Google dismissed Epstein’s research as “nothing more than a poorly constructed conspiracy theory.”

“We have never re-ranked search results on any topic (including elections) to manipulate political sentiment,” the company said in the statement to The Washington Post. “Moreover, we do not make any ranking tweaks that are specific to elections or political candidates, period. We always strive to provide our users with the most accurate, relevant answers to their queries.”

Microsoft, which operates the Bing search engine, and Yahoo declined to comment.

The importance of search rankings — and especially their order as they appear on the screen of a device — is well established when it comes to how consumers select online shopping offers, websites or news stories. Epstein summarized research into the impact of search results on political behavior in the Proceedings of the National Academy of Sciences in 2015.
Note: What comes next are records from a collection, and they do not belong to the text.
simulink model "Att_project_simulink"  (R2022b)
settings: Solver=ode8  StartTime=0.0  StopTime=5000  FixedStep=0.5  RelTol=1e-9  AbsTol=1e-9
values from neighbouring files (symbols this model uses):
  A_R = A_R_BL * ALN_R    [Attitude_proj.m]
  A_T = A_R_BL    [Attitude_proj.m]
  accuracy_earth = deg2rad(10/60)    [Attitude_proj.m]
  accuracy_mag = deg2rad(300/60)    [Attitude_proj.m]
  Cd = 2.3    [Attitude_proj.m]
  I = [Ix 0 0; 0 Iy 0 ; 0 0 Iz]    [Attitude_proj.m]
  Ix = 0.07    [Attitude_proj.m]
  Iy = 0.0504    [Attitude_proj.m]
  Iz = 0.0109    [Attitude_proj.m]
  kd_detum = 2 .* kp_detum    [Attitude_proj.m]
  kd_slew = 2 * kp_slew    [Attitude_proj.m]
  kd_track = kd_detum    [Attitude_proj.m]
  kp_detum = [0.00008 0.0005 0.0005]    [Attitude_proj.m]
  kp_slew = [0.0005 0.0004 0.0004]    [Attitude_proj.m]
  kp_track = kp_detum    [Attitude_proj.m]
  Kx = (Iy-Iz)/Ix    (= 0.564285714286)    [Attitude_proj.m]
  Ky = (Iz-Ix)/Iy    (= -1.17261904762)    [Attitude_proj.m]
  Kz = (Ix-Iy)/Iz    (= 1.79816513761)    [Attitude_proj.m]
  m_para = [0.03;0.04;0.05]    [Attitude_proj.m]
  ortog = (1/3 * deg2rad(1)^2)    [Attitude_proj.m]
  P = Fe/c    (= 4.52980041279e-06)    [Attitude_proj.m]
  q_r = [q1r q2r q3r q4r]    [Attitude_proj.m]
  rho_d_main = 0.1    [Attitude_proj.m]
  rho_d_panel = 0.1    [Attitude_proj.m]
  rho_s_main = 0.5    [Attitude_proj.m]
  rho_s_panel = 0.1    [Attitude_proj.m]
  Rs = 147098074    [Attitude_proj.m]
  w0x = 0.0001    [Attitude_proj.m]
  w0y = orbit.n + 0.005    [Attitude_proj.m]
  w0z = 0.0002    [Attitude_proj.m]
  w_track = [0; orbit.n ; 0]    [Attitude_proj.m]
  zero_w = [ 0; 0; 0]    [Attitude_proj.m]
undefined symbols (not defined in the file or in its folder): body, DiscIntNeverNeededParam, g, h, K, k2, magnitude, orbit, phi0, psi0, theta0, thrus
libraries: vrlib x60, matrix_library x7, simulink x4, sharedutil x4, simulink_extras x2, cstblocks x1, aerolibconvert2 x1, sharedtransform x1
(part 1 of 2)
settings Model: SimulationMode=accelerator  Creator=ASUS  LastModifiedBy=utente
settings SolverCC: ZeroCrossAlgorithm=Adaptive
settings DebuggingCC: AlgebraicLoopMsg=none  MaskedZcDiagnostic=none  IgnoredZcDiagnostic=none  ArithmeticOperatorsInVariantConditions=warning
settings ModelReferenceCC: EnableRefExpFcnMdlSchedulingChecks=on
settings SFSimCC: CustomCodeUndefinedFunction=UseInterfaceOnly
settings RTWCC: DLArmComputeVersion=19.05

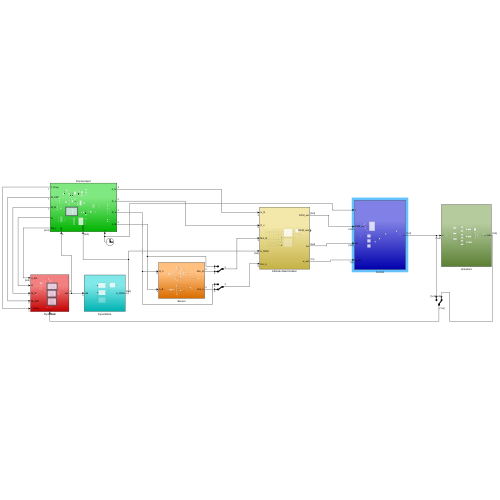
[thumbnail: Simulink's stored preview of the top-level diagram]
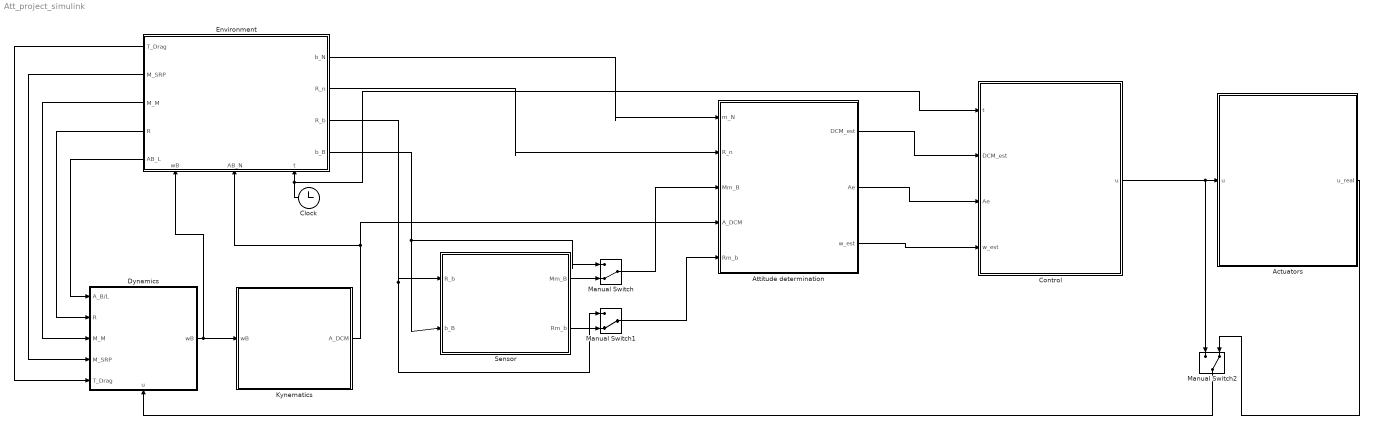
== system Att_project_simulink ==
  Actuators : Subsystem
  Attitude determination : Subsystem
  Clock : Clock
  Control : Subsystem
  Dynamics : Subsystem
      settings: PortSchema="{\"entries\":[{\"content\":{\"sides\":[{\"content\":{\"connectorIds\":[\"In1\",\"In2\",\"In3\",\"In4\",\"In5\"]},\"type\":\"ConnectorPlacement.EquallySpacedRectSide\",\"uuid\":\"e2546f43-0f76-43d8-9016-47189d28d8c0\"},{\"content\":{\"connectorIds\":[\"Out1\"],\"side\":\"RIGHT\"},\"type\":\"ConnectorPlacement.EquallySpacedRectSide\",\"uuid\":\"72ec595a-943a-4b6a-9d51-6626181bb7e6\"},{\"content\":{\"connectorIds\":[],\"side\":\"TOP\"},\"type\":\"ConnectorPlacement.EquallySpacedRectSide\",\"uuid\":\"5bae7898-d8cb-4ebe-a0da-616b512951ce\"},{\"content\":{\"connectorIds\":[\"In6\"],\"side\":\"BOTTOM\"},\"type\":\"ConnectorPlacement.EquallySpacedRectSide\",\"uuid\":\"04644b50-7571-45c4-9210-649b5fcee47a\"}]},\"type\":\"ConnectorPlacement.EquallySpacedConnector\",\"uuid\":\"4d81f698-3eae-4e23-8a75-7ab54dd2047e\"}],\"packageUris\":[\"http://schema.mathworks.com/mf0/Connector/R2020b\"],\"version\":\"1.0\"}"
  Environment : Subsystem
      settings: PortSchema="{\"entries\":[{\"content\":{\"sides\":[{\"content\":{\"connectorIds\":[\"In1\",\"In2\",\"In3\"]},\"type\":\"ConnectorPlacement.EquallySpacedRectSide\",\"uuid\":\"e1717e5b-cb7c-4233-b289-9a3e14a88712\"},{\"content\":{\"connectorIds\":[],\"side\":\"RIGHT\"},\"type\":\"ConnectorPlacement.EquallySpacedRectSide\",\"uuid\":\"74d5df0c-20a5-474c-8972-acb600e0318c\"},{\"content\":{\"connectorIds\":[\"Out5\",\"Out6\",\"Out7\",\"Out8\",\"Out9\"],\"side\":\"TOP\"},\"type\":\"ConnectorPlacement.EquallySpacedRectSide\",\"uuid\":\"8caa1d13-4dab-4013-a60f-fe12337e8062\"},{\"content\":{\"connectorIds\":[\"Out1\",\"Out2\",\"Out3\",\"Out4\"],\"side\":\"BOTTOM\"},\"type\":\"ConnectorPlacement.EquallySpacedRectSide\",\"uuid\":\"a6d0af15-bded-4708-9665-a508da3512a2\"}]},\"type\":\"ConnectorPlacement.EquallySpacedConnector\",\"uuid\":\"6bd2fac6-7248-4b84-8ef8-6b1152c12a45\"}],\"packageUris\":[\"http://schema.mathworks.com/mf0/Connector/R2020b\"],\"version\":\"1.0\"}"
  Kynematics : Subsystem
  Manual Switch : ManualSwitch  CurrentSetting=0
  Manual Switch1 : ManualSwitch  CurrentSetting=0
  Manual Switch2 : ManualSwitch  CurrentSetting=0
  Sensor : Subsystem
  wires:
  Environment/5(AB_L) -> Dynamics/1(A_B/L)
  Environment/6(R) -> Dynamics/2(R)
  Dynamics/1(wB) -> Environment/1(wB), Kynematics/1(wB)
  Environment/7(M_M) -> Dynamics/3(M_M)
  Environment/8(M_SRP) -> Dynamics/4(M_SRP)
  Environment/9(T_Drag) -> Dynamics/5(T_Drag)
  Kynematics/1(A_DCM) -> Environment/2(AB_N), Attitude determination/4(A_DCM)
  Environment/1(b_B) -> Sensor/2(b_B), Manual Switch/1
  Environment/2(R_b) -> Manual Switch1/1, Sensor/1(R_b)
  Sensor/1(Mm_B) -> Manual Switch/2
  Environment/4(b_N) -> Attitude determination/1(m_N)
  Environment/3(R_n) -> Attitude determination/2(R_n)
  Manual Switch/1 -> Attitude determination/3(Mm_B)
  Sensor/2(Rm_b) -> Manual Switch1/2
  Manual Switch1/1 -> Attitude determination/5(Rm_b)
  Clock/1 -> Control/1(t), Environment/3(t)
  Attitude determination/2(Ae) -> Control/3(Ae)
  Control/1(u) -> Manual Switch2/1, Actuators/1(u)
  Attitude determination/1(DCM_est) -> Control/2(DCM_est)
  Attitude determination/3(w_est) -> Control/4(w_est)
  Actuators/1(u_real) -> Manual Switch2/2
  Manual Switch2/1 -> Dynamics/6(u)

== system Att_project_simulink/Actuators ==
  u : Inport
  Demux : Demux  Outputs=3
  If : If
  If Action Subsystem : Subsystem  TreatAsAtomicUnit=on
  If Action Subsystem1 : Subsystem  TreatAsAtomicUnit=on
  If Action Subsystem2 : Subsystem  TreatAsAtomicUnit=on
  If Action Subsystem3 : Subsystem  TreatAsAtomicUnit=on
  If Action Subsystem4 : Subsystem  TreatAsAtomicUnit=on
  If Action Subsystem5 : Subsystem  TreatAsAtomicUnit=on
  If1 : If
  If2 : If
  Merge : Merge
  Merge1 : Merge
  Merge2 : Merge
  Mux : Mux  Inputs=3
  Reshape : Reshape  OutputDimensionality=Customize  OutputDimensions=[1,3]
  Scope : Scope  NumInputPorts=3
  Scope1 : Scope
  To Workspace : ToWorkspace  VariableName=T_c  SaveFormat=Timeseries  SampleTime=-1
  u_real : Outport
  wires:
  u/1 -> Demux/1
  Demux/1 -> If Action Subsystem/1(Mx), If Action Subsystem1/1(-Mx), If/1
  Demux/2 -> If Action Subsystem3/1(-My), If Action Subsystem2/1(My), If1/1
  Demux/3 -> If Action Subsystem5/1(-Mz), If Action Subsystem4/1(Mz), If2/1
  If/1 -> If Action Subsystem/Action
  If/2 -> If Action Subsystem1/Action
  If1/1 -> If Action Subsystem2/Action
  If1/2 -> If Action Subsystem3/Action
  If2/1 -> If Action Subsystem4/Action
  If2/2 -> If Action Subsystem5/Action
  If Action Subsystem4/1(Out1) -> Merge/1  "Z+"
  If Action Subsystem5/1(Out1) -> Merge/2  "Z-"
  If Action Subsystem2/1(Out1) -> Merge1/1  "Y+"
  If Action Subsystem3/1(Out1) -> Merge1/2  "Y-"
  If Action Subsystem/1(Out1) -> Merge2/1  "X+"
  If Action Subsystem1/1(Out1) -> Merge2/2  "X-"
  Mux/1 -> Reshape/1
  Reshape/1 -> Scope1/1, To Workspace/1, u_real/1
  Merge2/1 -> Scope/1, Mux/1
  Merge1/1 -> Scope/2, Mux/2
  Merge/1 -> Scope/3, Mux/3

== system Att_project_simulink/Attitude determination ==
  m_N : Inport
  R_n : Inport  Port=2
  Mm_B : Inport  Port=3
  A_DCM : Inport  Port=4
  Rm_b : Inport  Port=5
  Triad Method : Subsystem
  w_esti : Subsystem
  DCM_est : Outport
  Ae : Outport  Port=2
  w_est : Outport  Port=3
  wires:
  A_DCM/1 -> Triad Method/5(A_DCM)
  Rm_b/1 -> Triad Method/1(Rm_b)
  m_N/1 -> Triad Method/4(m_N)
  Mm_B/1 -> Triad Method/3(Mm_B)
  R_n/1 -> Triad Method/2(R_n)
  Triad Method/1(DCM_est) -> DCM_est/1, w_esti/1(DCM_est)
  Triad Method/2(Ae) -> Ae/1
  w_esti/1(Output) -> w_est/1

== system Att_project_simulink/Control ==
  t : Inport
  DCM_est : Inport  Port=2
  Ae : Inport  Port=3
  w_est : Inport  Port=4
  De-tumbling : Subsystem  Commented=on
  Manual Switch : ManualSwitch  CurrentSetting=0
  Manual Switch1 : ManualSwitch  CurrentSetting=0
  Manual Switch2 : ManualSwitch
  Scope : Scope
  Tracking : Subsystem
  ble : Subsystem  Commented=on
  slew : Subsystem  Commented=on
  w_est1 : InportShadow  Port=4
  u : Outport
  wires:
  Ae/1 -> slew/1(Ae), Tracking/1(Ae), ble/1(Ae)
  [wB] -> ?
  t/1 -> ble/2(t)
  w_est/1 -> ble/3(w_est)
  DCM_est/1 -> ble/4(DCM_est)
  ble/1(u) -> Manual Switch/1
  Manual Switch/1 -> Scope/1, u/1
  w_est1/1 -> De-tumbling/1(In1)
  De-tumbling/1(Out1) -> Manual Switch1/1
  Tracking/1(u) -> Manual Switch2/1
  Manual Switch1/1 -> Manual Switch/2
  slew/1(u) -> Manual Switch2/2
  Manual Switch2/1 -> Manual Switch1/2

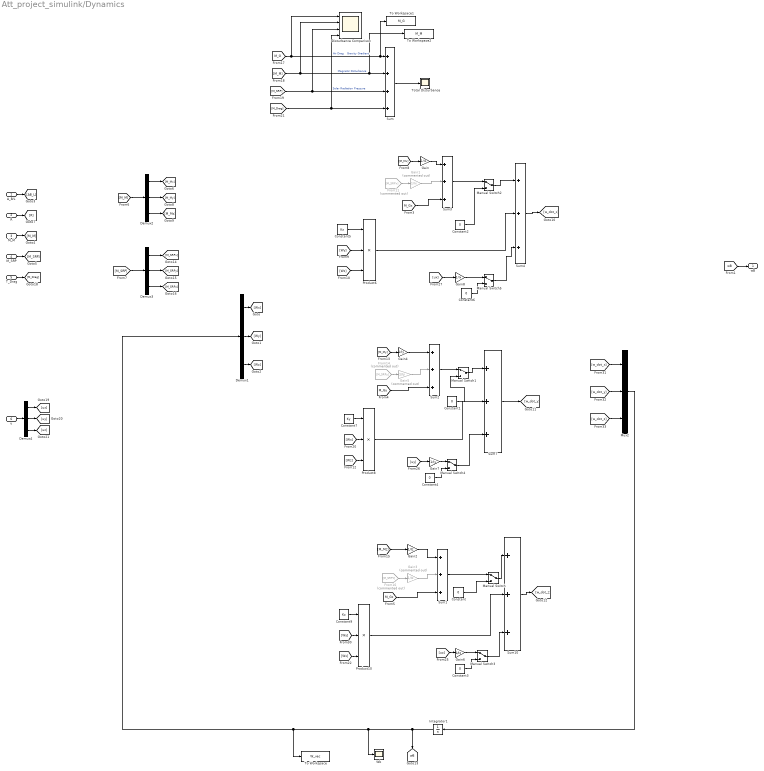
== system Att_project_simulink/Dynamics ==
  A_B/L : Inport
  R : Inport  Port=2
  M_M : Inport  Port=3
  M_SRP : Inport  Port=4
  T_Drag : Inport  Port=5
  u : Inport  Port=6
  Constant{,1..4,6} (6 alike) : Constant  Value=0
  Constant5 : Constant  Value=Kx
  Constant7 : Constant  Value=Ky
  Constant9 : Constant  Value=Kz
  Demux{1..4} (4 alike) : Demux  Outputs=3
  Disturbance Comparison : Scope  NumInputPorts=4
  From11 : From  Commented=on  GotoTag=M_SRPx
  From14 : From  Commented=on  GotoTag=M_SRPy
  From16 : From  Commented=on  GotoTag=M_SRPz
  Gain : Gain  Gain=1/Ix
  Gain1 : Gain  Commented=on  Gain=1/Ix
  Gain2 : Gain  Gain=1/Iz
  Gain3 : Gain  Commented=on  Gain=1/Iz
  Gain4 : Gain  Gain=1/Iy
  Gain5 : Gain  Commented=on  Gain=1/Iy
  Gain6 : Gain  Gain=1/Iz
  Gain7 : Gain  Gain=1/Iy
  Gain8 : Gain  Gain=1/Ix
  Integrator1 : Integrator  InitialCondition=[w0x; w0y; w0z]'
  Manual Switch{,1..5} (6 alike) : ManualSwitch
  Mux2 : Mux  Inputs=3
  Product10 : Product  Inputs=3
  Product6 : Product  Inputs=3
  Product8 : Product  Inputs=3
  Sum : Sum  Inputs=++++
  Sum{1..4,7,10} (6 alike) : Sum  Inputs=+++
  To Workspace : ToWorkspace  VariableName=W_vec  SaveFormat=Timeseries  SampleTime=-1
  To Workspace1 : ToWorkspace  VariableName=M_G  SaveFormat=Timeseries  SampleTime=-1
  To Workspace2 : ToWorkspace  VariableName=M_M  SaveFormat=Timeseries  SampleTime=-1
  Total Disturbance : Scope
  Wb : Scope
  wB : Outport
  tag scope: wB=global
  wires:
  Demux1/3 -> [Wz]
  Demux1/2 -> [Wy]
  Demux1/1 -> [Wx]
  A_B/L/1 -> [AB_L]
  [Wy] -> Product6/2
  [Wz] -> Product6/3
  Product6/1 -> Sum4/2
  Sum4/1 -> [w_dot_x]
  Product8/1 -> Sum7/2
  [Wx] -> Product8/2
  Sum7/1 -> [w_dot_y]
  [Wz] -> Product8/3
  Product10/1 -> Sum10/2
  [Wy] -> Product10/2
  Constant9/1 -> Product10/1
  Sum10/1 -> [w_dot_z]
  [Wx] -> Product10/3
  [w_dot_z] -> Mux2/3
  [w_dot_y] -> Mux2/2
  [w_dot_x] -> Mux2/1
  Integrator1/1 -> Wb/1, To Workspace/1, Demux1/1, [wB]
  Constant5/1 -> Product6/1
  Constant7/1 -> Product8/1
  [wB] -> wB/1
  R/1 -> [R]
  M_M/1 -> [M_M]
  M_SRP/1 -> [M_SRP]
  Demux2/1 -> [M_Mx]
  Demux2/2 -> [M_My]
  Demux2/3 -> [M_Mz]
  [M_M] -> Demux2/1
  Demux3/2 -> [M_SRPy]
  Demux3/1 -> [M_SRPx]
  [M_SRP] -> Demux3/1
  Demux3/3 -> [M_SRPz]
  [M_Mx] -> Gain/1
  From11/1 -> Gain1/1
  [M_My] -> Gain4/1
  From14/1 -> Gain5/1
  From16/1 -> Gain3/1
  [M_Mz] -> Gain2/1
  [M_SRP] -> Sum/3, Disturbance Comparison/3  "Solar Radiation Pressure"
  [M_M] -> To Workspace2/1, Sum/2, Disturbance Comparison/2  "Magnetic Disturbance"
  [M_G] -> Disturbance Comparison/1, To Workspace1/1, Sum/1  "Gravity Gradient"
  Sum/1 -> Total Disturbance/1
  T_Drag/1 -> [M_Drag]
  [M_Drag] -> Sum/4, Disturbance Comparison/4  "Air Drag"
  Gain2/1 -> Sum1/1
  Gain3/1 -> Sum1/2
  [M_Gz] -> Sum1/3
  Sum1/1 -> Manual Switch/1
  Constant/1 -> Manual Switch/2
  Gain4/1 -> Sum2/1
  Gain5/1 -> Sum2/2
  [M_Gy] -> Sum2/3
  Sum2/1 -> Manual Switch1/1
  Manual Switch1/1 -> Sum7/1
  Constant1/1 -> Manual Switch1/2
  Manual Switch/1 -> Sum10/1
  Gain1/1 -> Sum3/2
  Gain/1 -> Sum3/1
  [M_Gx] -> Sum3/3
  Sum3/1 -> Manual Switch2/1
  Manual Switch2/1 -> Sum4/1
  Constant2/1 -> Manual Switch2/2
  Manual Switch3/1 -> Sum10/3
  Constant3/1 -> Manual Switch3/2
  u/1 -> Demux4/1
  Demux4/1 -> [ux]
  Demux4/2 -> [uy]
  Demux4/3 -> [uz]
  [uz] -> Gain6/1
  Constant4/1 -> Manual Switch4/2
  Manual Switch4/1 -> Sum7/3
  [uy] -> Gain7/1
  Constant6/1 -> Manual Switch5/2
  Manual Switch5/1 -> Sum4/3
  [ux] -> Gain8/1
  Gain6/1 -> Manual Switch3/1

University of Maryland law professor Frank Pasquale, who in 2007 publicly raised the possibility of a “Federal Search Commission” to monitor the increasingly powerful effects of search engines, said a monitoring group is a valuable step. “It’s part of an ecosystem of accountability,” said Pasquale, who is a public supporter of Epstein’s project.

Dennis Allison, a lecturer at Stanford’s Computer Systems Laboratory and a supporter of Epstein’s project, also called the study of bias in new technologies important. “The source of that bias has not been established as far as I can see but likely is present,” he said.